When you say you have just filed for your PR visa, what stage are you at?

You have approx 1 year to land in Australia one your PR is granted (it is actually based on PCC and medical examination dates) so why not just hand in your notice once your PR is granted and work out the 3 months. Worst case fly to Oz for a few days to activate your visa and then fly back to US.

I don't think it matters what country are you apply for a job in the world, most will ask for a reference, particularly in this day and age of emails where everything is instant and no long wait mailing things through the post!


----------



## bangalg (Apr 22, 2009)

_shel said:


> You will need the reference/experience certificate from your most recent employer to get work in Australia. Most jobs are offered 'subject to references and checks' If you can not pass that which includes satisfactory references they wont hire you.


Is it necessary that the reference has to be from someone who is CURRENTLY in my previous organisation? I am asking this coz my Manager has moved on to another company recently and I have just put in my papers.

Sent from my iPad using ExpatForum


----------



## job_seeker (Jun 13, 2012)

Thanks _Shel: Getting a reference letter or email from 2 or more persons from my same organization is not a problem. I also have my current company's offer letter, joining letter, W-2 forms, Pay stabs etc which will indicate my proof of employment. But the relieving letter or in other words the experience certificate is provided by my HR stating that my designation was so and so and I had worked with their company from when. This will be provided on a company's letter pad.

I can have the same sent by my reference contacts from my company's email to the new employer.


----------



## job_seeker (Jun 13, 2012)

Also is it ok to search for a job from US by providing an Australian local number (redirects to my mobile) and address so that the potential employers will contact me?


----------



## job_seeker (Jun 13, 2012)

Thanks JimJams: I am yet to complete my PCC and medicals since I have just filed for my PR with relevant documents and the case officer need to be assigned and request me to do both these things.

Since I am in US for last 1 month can I have my PCC done here for my stay in US? I have an Indian embassy here in US where I go and complete my PCC for stay in India. How will it be for my current stay in US? I was also previously in US from Aug 2008-July2011 and then I was in India until May 2012 in the last 10 years.

Also will an Australian employer hire people from US? I can provide a temp mailing address and an virtual local number of Australia which redirects call to my US mobile. Will the employer look for face to face interview when I am in US?

I am recently married and skeptical about leaving my current job in US before getting an offer in Australia. Yes, my plan is to step into Australia to activate my PR, stay in a hotel for about a day and then return. So my PR is now active for next 4-5 Years. However without having an offer in hand and I'm not sure if I can give notice in 3 months and then search for job. If I resign I need to go back to India according to L1 US VISA rules.


----------



## Guest (Jun 14, 2012)

No employers won't accept a reference from MR X who used to work in the same company as you unless it is easily checkable that they worked there. Reason being you could be asking your cousin to write it and not someone who was your manager. How woud they know any difference?

The appointment letter etc won't help with getting a job because although it says you were offered a job there it does not say you were any good. You could have been fired for misconduct how would they know? References etc need to be on company letterhead. 

Putting an australian address would probably not be wise.
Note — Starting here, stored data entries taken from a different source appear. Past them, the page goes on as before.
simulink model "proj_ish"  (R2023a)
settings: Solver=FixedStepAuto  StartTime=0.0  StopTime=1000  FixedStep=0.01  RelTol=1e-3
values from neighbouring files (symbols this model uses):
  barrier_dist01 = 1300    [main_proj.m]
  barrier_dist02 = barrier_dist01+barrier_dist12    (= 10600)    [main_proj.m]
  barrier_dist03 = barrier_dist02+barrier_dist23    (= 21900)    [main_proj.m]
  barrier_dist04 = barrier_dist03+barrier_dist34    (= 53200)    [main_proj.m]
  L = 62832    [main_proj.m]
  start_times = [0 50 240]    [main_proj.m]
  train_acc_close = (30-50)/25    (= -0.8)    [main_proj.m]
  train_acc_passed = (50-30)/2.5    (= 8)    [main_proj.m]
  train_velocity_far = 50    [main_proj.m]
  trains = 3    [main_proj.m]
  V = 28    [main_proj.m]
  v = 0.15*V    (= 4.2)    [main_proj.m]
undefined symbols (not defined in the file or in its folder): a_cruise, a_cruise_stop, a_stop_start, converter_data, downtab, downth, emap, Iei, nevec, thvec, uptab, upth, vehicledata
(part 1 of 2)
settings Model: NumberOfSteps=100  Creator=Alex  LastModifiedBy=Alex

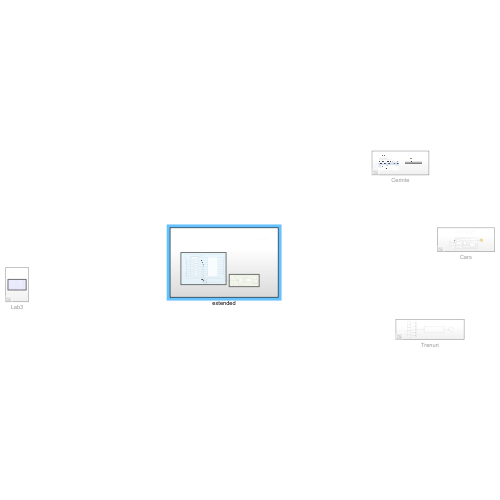
[thumbnail: Simulink's stored preview of the top-level diagram]
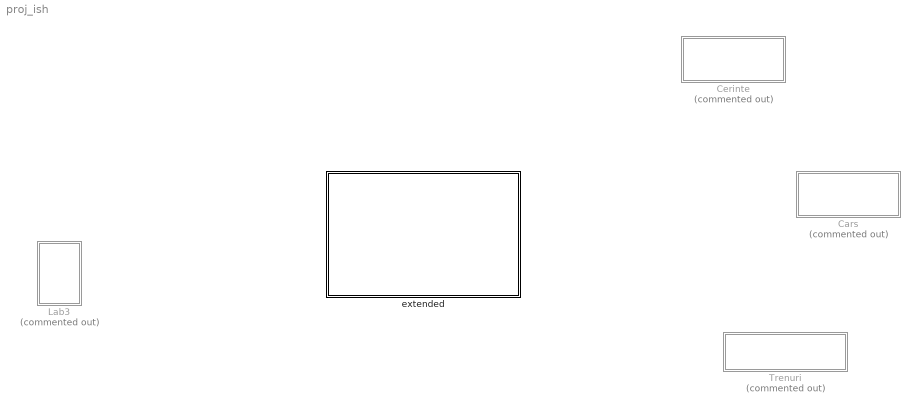
== system proj_ish ==
  Cars : Subsystem  Commented=on
  Cerinte : Subsystem  Commented=on
  Lab3 : Subsystem  Commented=on
  Trenuri : Subsystem  Commented=on
  extended : Subsystem

== system proj_ish/Cars ==
  Car : Subsystem  Commented=on
  Car Controller : Stateflow chart  Commented=on  TreatAsAtomicUnit=on
  Engine : Subsystem
  PlotResults : Scope  NumInputPorts=3
  Scope1 : Scope  Commented=on
  ShiftLogic : Stateflow chart  TreatAsAtomicUnit=on
  Step : Step  Time=50  Before=50  After=0  SampleTime=0
  Step1 : Step  Time=50  After=500  SampleTime=0
  Transmission : Subsystem
  Vehicle : Subsystem  mask(vehicle model){Rfd=vehicledata(1), rload0=vehicledata(2), rload2=vehicledata(3), Rw=vehicledata(4), Iv=vehicledata(5), N20=vehicledata(6)/vehicledata(4)*vehicledata(1)}
      mask prompts: Rfd "final drive ratio"; rload0 "drag friction at wheels"; rload2 "aerodynamic drag"; Rw "wheel radius"; Iv "vehicle inertia"; N20 "initial transmission output speed"
      mask help: vehicle dynamics: torque input from trans., outputs are input speed (transmission output) and vehicle speed
      mask Display: image('$imagefile') % use "Edit Image" on toolstrip to change.
  wires:
  Car/1(pozitie) -> Car Controller/1(pzoitie), Scope1/1
  Car Controller/1(stare_masina) -> Car/1(stare_masina)
  Transmission/2(Tout) -> Vehicle/1(OutputTorque)  "OutputTorque"
  Transmission/1(Ti) -> Engine/1(Ti)  "ImpellerTorque"
  ShiftLogic/1(Gear) -> Transmission/2(Gear)
  Engine/1(Ne) -> Transmission/1(Ne), PlotResults/2  "EngineRPM"
  Vehicle/1(VehicleSpeed) -> ShiftLogic/2(VehicleSpeed), PlotResults/3  "VehicleSpeed"
  Step1/1 -> Vehicle/2(BrakeTorque)  "Brake"
  Step/1 -> ShiftLogic/1(Throttle), Engine/2(Throttle), PlotResults/1  "Throttle"
  Vehicle/2(TransmissionRPM) -> Transmission/3(Nout)  "TransmissionRPM"

== system proj_ish/Cerinte ==
  note: trenul este in starea aproape, deci are viteza 30mps
      | evenimentul de "aproape" se genereaza la 1000m distanta de bariera
      | Durata propriu zisa de inchidere a barierei este 90/9=10 secunde
      | Trenul ajunge de la 1000m la 10m (pragul limita considerat) distanta de bariera in 990/30=33 secunde
      | Din cele 33 secunde, 10 se aloca pentru coborarea barierei
      | Deci intarzierea maxima pe care o poate avea controller-ul pentru a ne asigura ca bariera va fi complet inchisa la momentul in care trenul intra in intervalul +-10m este u=23 secunde
  note: r=10km => C=2*pi*r=62832m

== system proj_ish/Lab3 ==
  note: Lab 3
  Bariera : Subsystem  Commented=on
  Control bariera : Subsystem  Commented=on
  Controller : Stateflow chart  Commented=on  TreatAsAtomicUnit=on
  Scope : Scope  Commented=on  NumInputPorts=2
  Tren : Subsystem  Commented=on
  wires:
  Controller/1(starebariera) -> Bariera/1(stare_bariera)
  Bariera/1(y) -> Controller/1(y), Scope/2
  Controller/2(starectrl) -> Control bariera/1(stare_control)
  Control bariera/1(z) -> Controller/2(z)
  Tren/1(x) -> Controller/3(x), Scope/1
  Controller/3(staretren) -> Tren/1(stare_tren)

== system proj_ish/Trenuri ==
  Mux : Mux  Commented=on  Inputs=5
  Scope1 : Scope  Commented=on
  Step{,1..4} (5 alike) : Step  Commented=on  Time=0  SampleTime=0
  Trenuri : Subsystem  Commented=on
  wires:
  Step/1 -> Mux/1
  Mux/1 -> Trenuri/1(stari_trenuri)
  Step2/1 -> Mux/3
  Trenuri/1(x) -> Scope1/1
  Step3/1 -> Mux/4
  Step1/1 -> Mux/2
  Step4/1 -> Mux/5

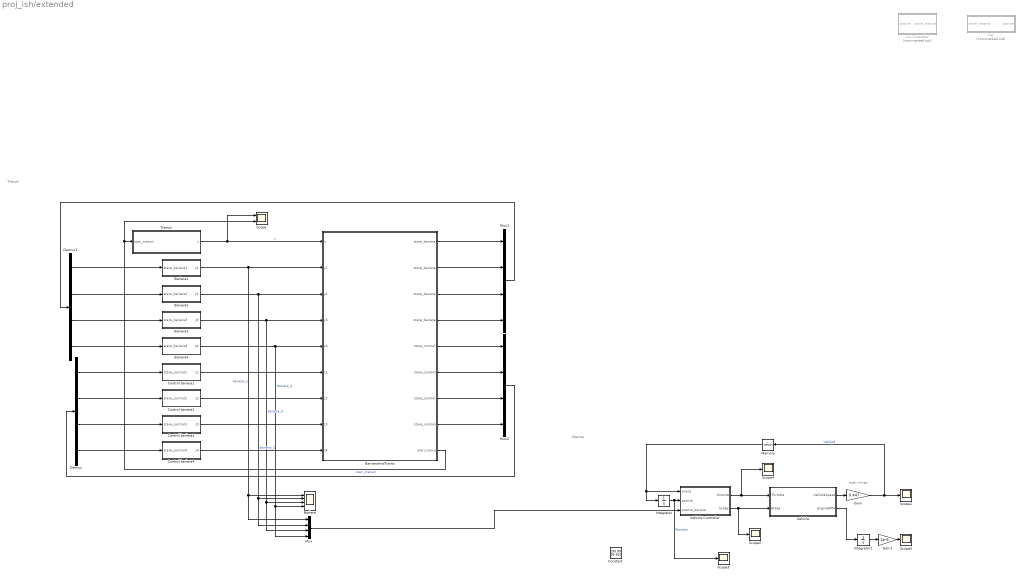
== system proj_ish/extended ==
  note: Masina
  note: Trenuri
  note: mph->mps
  Bariera1 : Subsystem
  Bariera2 : Subsystem
  Bariera3 : Subsystem
  Bariera4 : Subsystem
  Bariere : Scope  NumInputPorts=4
  BarriersAndTrains : Stateflow chart  TreatAsAtomicUnit=on
  Car : Subsystem  Commented=on
  Car Controller : Stateflow chart  Commented=on  TreatAsAtomicUnit=on
  Constant : Constant  Value=[90 90 90 90]
  Control bariera1 : Subsystem
  Control bariera2 : Subsystem
  Control bariera3 : Subsystem
  Control bariera4 : Subsystem
  Demux : Demux
  Demux1 : Demux
  Gain : Gain  Gain=0.447
  Gain1 : Gain  Gain=2e-6
  Integrator : Integrator
  Integrator1 : Integrator
  Memory : Memory
  Mux : Mux
  Mux1 : Mux
  Mux2 : Mux
  Scope : Scope  NumInputPorts=2
  Scope{1..5} (5 alike) : Scope
  Trenuri : Subsystem
  Vehicle : Subsystem
  Vehicle Controller : Stateflow chart  TreatAsAtomicUnit=on
      settings: PortSchema="{\"entries\":[{\"content\":{\"sides\":[{\"content\":{\"connectorIds\":[\"In2\",\"In1\",\"In3\"]},\"type\":\"ConnectorPlacement.EquallySpacedRectSide\",\"uuid\":\"df773432-b911-4b0c-bdef-38af23bc8129\"},{\"content\":{\"connectorIds\":[\"Out1\",\"Out2\"],\"side\":\"RIGHT\"},\"type\":\"ConnectorPlacement.EquallySpacedRectSide\",\"uuid\":\"5ca2d89f-a3cb-4395-9b83-e502d168ef7e\"},{\"content\":{\"side\":\"TOP\"},\"type\":\"ConnectorPlacement.EquallySpacedRectSide\",\"uuid\":\"7df5f796-226c-4e0d-a429-f20110d7350f\"}]},\"type\":\"ConnectorPlacement.EquallySpacedConnector\",\"uuid\":\"5b5bbf8d-caf4-492a-a09a-43efcf324f87\"}],\"packageUris\":[\"http://schema.mathworks.com/mf0/Connector/R2020b\"],\"version\":\"1.0\"}"
  wires:
  Trenuri/1(x) -> Scope/1, BarriersAndTrains/1(x)  "x"
  Bariera1/1(y1) -> Mux/1, Bariere/1, BarriersAndTrains/2(y1)  "bariera_1"
  Bariera2/1(y2) -> Mux/2, Bariere/2, BarriersAndTrains/3(y2)  "bariera_2"
  Bariera3/1(y3) -> Mux/3, Bariere/3, BarriersAndTrains/4(y3)  "bariera_3"
  Bariera4/1(y4) -> BarriersAndTrains/5(y4), Mux/4, Bariere/4  "bariera_4"
  Control bariera3/1(z3) -> BarriersAndTrains/8(z3)
  Control bariera2/1(z2) -> BarriersAndTrains/7(z2)
  Control bariera1/1(z1) -> BarriersAndTrains/6(z1)
  Control bariera4/1(z4) -> BarriersAndTrains/9(z4)
  BarriersAndTrains/2(stare_bariera2) -> Mux1/2
  BarriersAndTrains/1(stare_bariera1) -> Mux1/1
  BarriersAndTrains/3(stare_bariera3) -> Mux1/3
  BarriersAndTrains/4(stare_bariera4) -> Mux1/4
  BarriersAndTrains/5(stare_control1) -> Mux2/1
  BarriersAndTrains/6(stare_control2) -> Mux2/2
  BarriersAndTrains/7(stare_control3) -> Mux2/3
  BarriersAndTrains/8(stare_control4) -> Mux2/4
  Mux2/1 -> Demux/1
  Demux/3 -> Control bariera3/1(stare_control3)
  Demux/2 -> Control bariera2/1(stare_control2)
  Demux/4 -> Control bariera4/1(stare_control4)
  Demux/1 -> Control bariera1/1(stare_control1)
  Demux1/1 -> Bariera1/1(stare_bariera1)
  Demux1/2 -> Bariera2/1(stare_bariera2)
  Demux1/3 -> Bariera3/1(stare_bariera3)
  Demux1/4 -> Bariera4/1(stare_bariera4)
  Mux1/1 -> Demux1/1
  BarriersAndTrains/9(stari_trenuri) -> Scope/2, Trenuri/1(stari_trenuri)  "stari_trenuri"
  Vehicle Controller/2(brake) -> Scope2/1, Vehicle/2(Brake)
  Integrator/1 -> Scope3/1, Vehicle Controller/1(pozitie)  "Position"
  Gain/1 -> Memory/1, Scope1/1  "VehSpd"
  Vehicle Controller/1(throttle) -> Scope4/1, Vehicle/1(Throttle)
  Memory/1 -> Integrator/1, Vehicle Controller/2(viteza)
  Vehicle/1(VehicleSpeed) -> Gain/1
  Mux/1 -> Vehicle Controller/3(pozitie_bariere)
  Vehicle/2(EngineRPM) -> Integrator1/1
  Integrator1/1 -> Gain1/1
  Gain1/1 -> Scope5/1

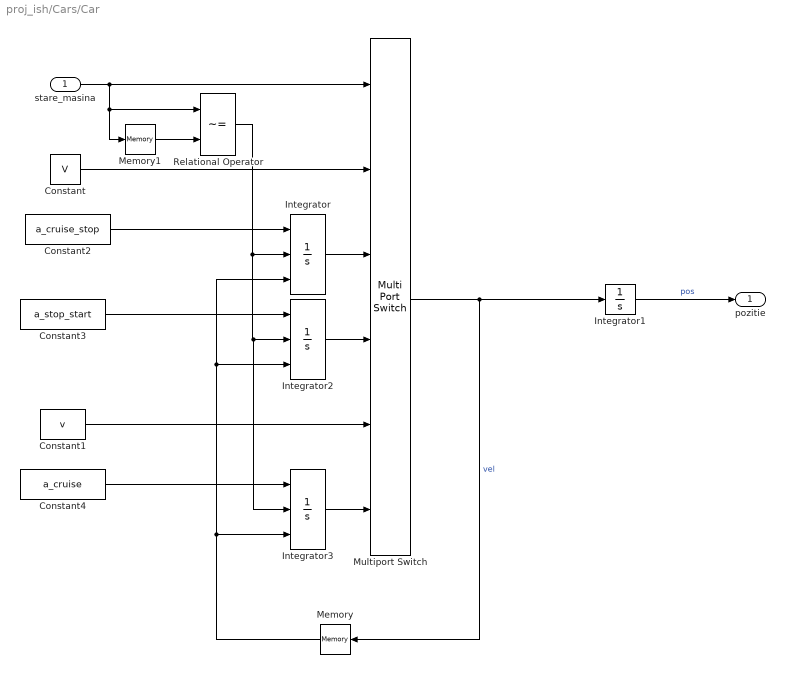
== system proj_ish/Cars/Car ==
  stare_masina : Inport
  Constant : Constant  Value=V
  Constant1 : Constant  Value=v
  Constant2 : Constant  Value=a_cruise_stop
  Constant3 : Constant  Value=a_stop_start
  Constant4 : Constant  Value=a_cruise
  Integrator : Integrator  ExternalReset=rising  InitialConditionSource=external  LimitOutput=on  UpperSaturationLimit=200  LowerSaturationLimit=0
  Integrator1 : Integrator
  Integrator2 : Integrator  ExternalReset=rising  InitialConditionSource=external  LimitOutput=on  UpperSaturationLimit=v  LowerSaturationLimit=0
  Integrator3 : Integrator  ExternalReset=rising  InitialConditionSource=external  LimitOutput=on  UpperSaturationLimit=V  LowerSaturationLimit=0
  Memory : Memory  InitialCondition=V
  Memory1 : Memory  InitialCondition=1
  Multiport Switch : MultiPortSwitch  Inputs=5  SaturateOnIntegerOverflow=off  InputSameDT=off
  Relational Operator : RelationalOperator  Operator=~=  OutDataTypeStr=boolean  RndMeth=Simplest  InputSameDT=off
  pozitie : Outport
  wires:
  Multiport Switch/1 -> Memory/1, Integrator1/1  "vel"
  stare_masina/1 -> Multiport Switch/1, Memory1/1, Relational Operator/1
  Integrator1/1 -> pozitie/1  "pos"
  Constant/1 -> Multiport Switch/2
  Integrator/1 -> Multiport Switch/3
  Integrator2/1 -> Multiport Switch/4
  Constant1/1 -> Multiport Switch/5
  Integrator3/1 -> Multiport Switch/6
  Memory/1 -> Integrator3/3, Integrator2/3, Integrator/3
  Memory1/1 -> Relational Operator/2
  Relational Operator/1 -> Integrator3/2, Integrator2/2, Integrator/2
  Constant2/1 -> Integrator/1
  Constant3/1 -> Integrator2/1
  Constant4/1 -> Integrator3/1

== system proj_ish/Cars/Engine ==
  note: Engine
  Ti : Inport  Unit=ft*lbf@torque
  Throttle : Inport  Port=2  Unit=%
  EnginePlusImpellerInertia : Gain  Gain=1/Iei  SaturateOnIntegerOverflow=on  OutDataTypeStr=Inherit: Same as input  ParamDataTypeStr=Inherit: Same as input
  EngineTorque : Lookup_n-D  BreakpointsForDimension1=thvec  BreakpointsForDimension2=nevec  Table=emap
      settings: InputPortMap=u0,u1
  Integrator : Integrator  InitialCondition=1000  LimitOutput=on  UpperSaturationLimit=6000  LowerSaturationLimit=600  ZeroCross=off
  Sum : Sum  Inputs=-+  InputSameDT=on  SaturateOnIntegerOverflow=on  OutDataTypeStr=Inherit: Same as first input
  Ne : Outport  Unit=rpm  VectorParamsAs1DForOutWhenUnconnected=off
  wires:
  Ti/1 -> Sum/1
  Throttle/1 -> EngineTorque/1
  Integrator/1 -> EngineTorque/2, Ne/1
  Sum/1 -> EnginePlusImpellerInertia/1
  EnginePlusImpellerInertia/1 -> Integrator/1
  EngineTorque/1 -> Sum/2

== system proj_ish/Cars/ShiftLogic/ComputeThreshold ==
  note: Threshold Calculation
  Gear : Inport
  Throttle : Inport  Port=2
  f : TriggerPort  TriggerType=function-call  VariantControl=(inherit)
      settings: CopyFcn=Stateflow.SLINSF.SimulinkMan.removeBlockPreDeleteFcn  PreDeleteFcn=Stateflow.SLINSF.SimulinkMan.unsafePredeleteFcn
  InterpDown : Lookup_n-D  BreakpointsForDimension1=downth  BreakpointsForDimension2=[1:4]  Table=downtab  OutDataTypeStr=double  InputSameDT=off  LockScale=on
      settings: InputPortMap=u0,u1
  InterpUp : Lookup_n-D  BreakpointsForDimension1=upth  BreakpointsForDimension2=[1:4]  Table=uptab  OutDataTypeStr=double  InputSameDT=off  LockScale=on
      settings: InputPortMap=u0,u1
  down_th : Outport  InitialOutput=0  VectorParamsAs1DForOutWhenUnconnected=off
  up_th : Outport  Port=2  InitialOutput=0  VectorParamsAs1DForOutWhenUnconnected=off
  wires:
  InterpUp/1 -> up_th/1
  InterpDown/1 -> down_th/1
  Throttle/1 -> InterpDown/1, InterpUp/1
  Gear/1 -> InterpDown/2, InterpUp/2

== system proj_ish/Cars/Transmission ==
  note: Transmission
  Ne : Inport  Unit=rpm
  Gear : Inport  Port=2  Unit=1
  Nout : Inport  Port=3  Unit=rpm
  TorqueConverter : Subsystem  mask(torque converter){speedratio=converter_data(:,1), Kfactor=converter_data(:,2), Torkratio=converter_data(:,3)}
      mask prompts: speedratio "speed ratio"; Kfactor "K factor"; Torkratio "torque ratio"
      mask help: torque converter
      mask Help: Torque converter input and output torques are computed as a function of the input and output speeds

It is misleading and they might not be happy once they call you to attend an interview and you admit you are not even in Australia. Employers interview over skype all them time for those offshore.


----------



## Diana1375 (Oct 6, 2011)

_shel said:


> No employers won't accept a reference from MR X who used to work in the same company as you unless it is easily checkable that they worked there. Reason being you could be asking your cousin to write it and not someone who was your manager. How woud they know any difference?
> 
> The appointment letter etc won't help with getting a job because although it says you were offered a job there it does not say you were any good. You could have been fired for misconduct how would they know? References etc need to be on company letterhead.
> 
> Putting an australian address would probably not be wise. It is misleading and they might not be happy once they call you to attend an interview and you admit you are not even in Australia. Employers interview over skype all them time for those offshore.


Then how should one go about it. Sorry don't quite understand.


----------



## gg3103 (Apr 26, 2012)

_shel said:


> Employers interview over skype all them time for those offshore.


Thanks _shel. This never crossed my mind to put in my skype id. I am going to add this information on my cover letter going forward. So far no calls from any recruiter on my India number. Keeping fingers crossed.

Sent from my iPad using ExpatForum


----------



## Guest (Jun 17, 2012)

It would be ok not to put any address/phone number and just put your skype and email. Changing to a yahoo .com.au would be ok. But I wouldn't put an australian phone or address as it appears to be deliberatly misleading. Many employers would then have no interest employing you. 
But it is very very difficult to find work offshore even if you have PR or are a citizen because many like face to face interviews and want someone who can start now. Not in 5 months when they arrive. It would also be good to make plans to migrate and include them. If your letter says clearly when you will arrive and its not too far away employers may be more inclined to say yes contact us as soon as you are here if your application is strong. 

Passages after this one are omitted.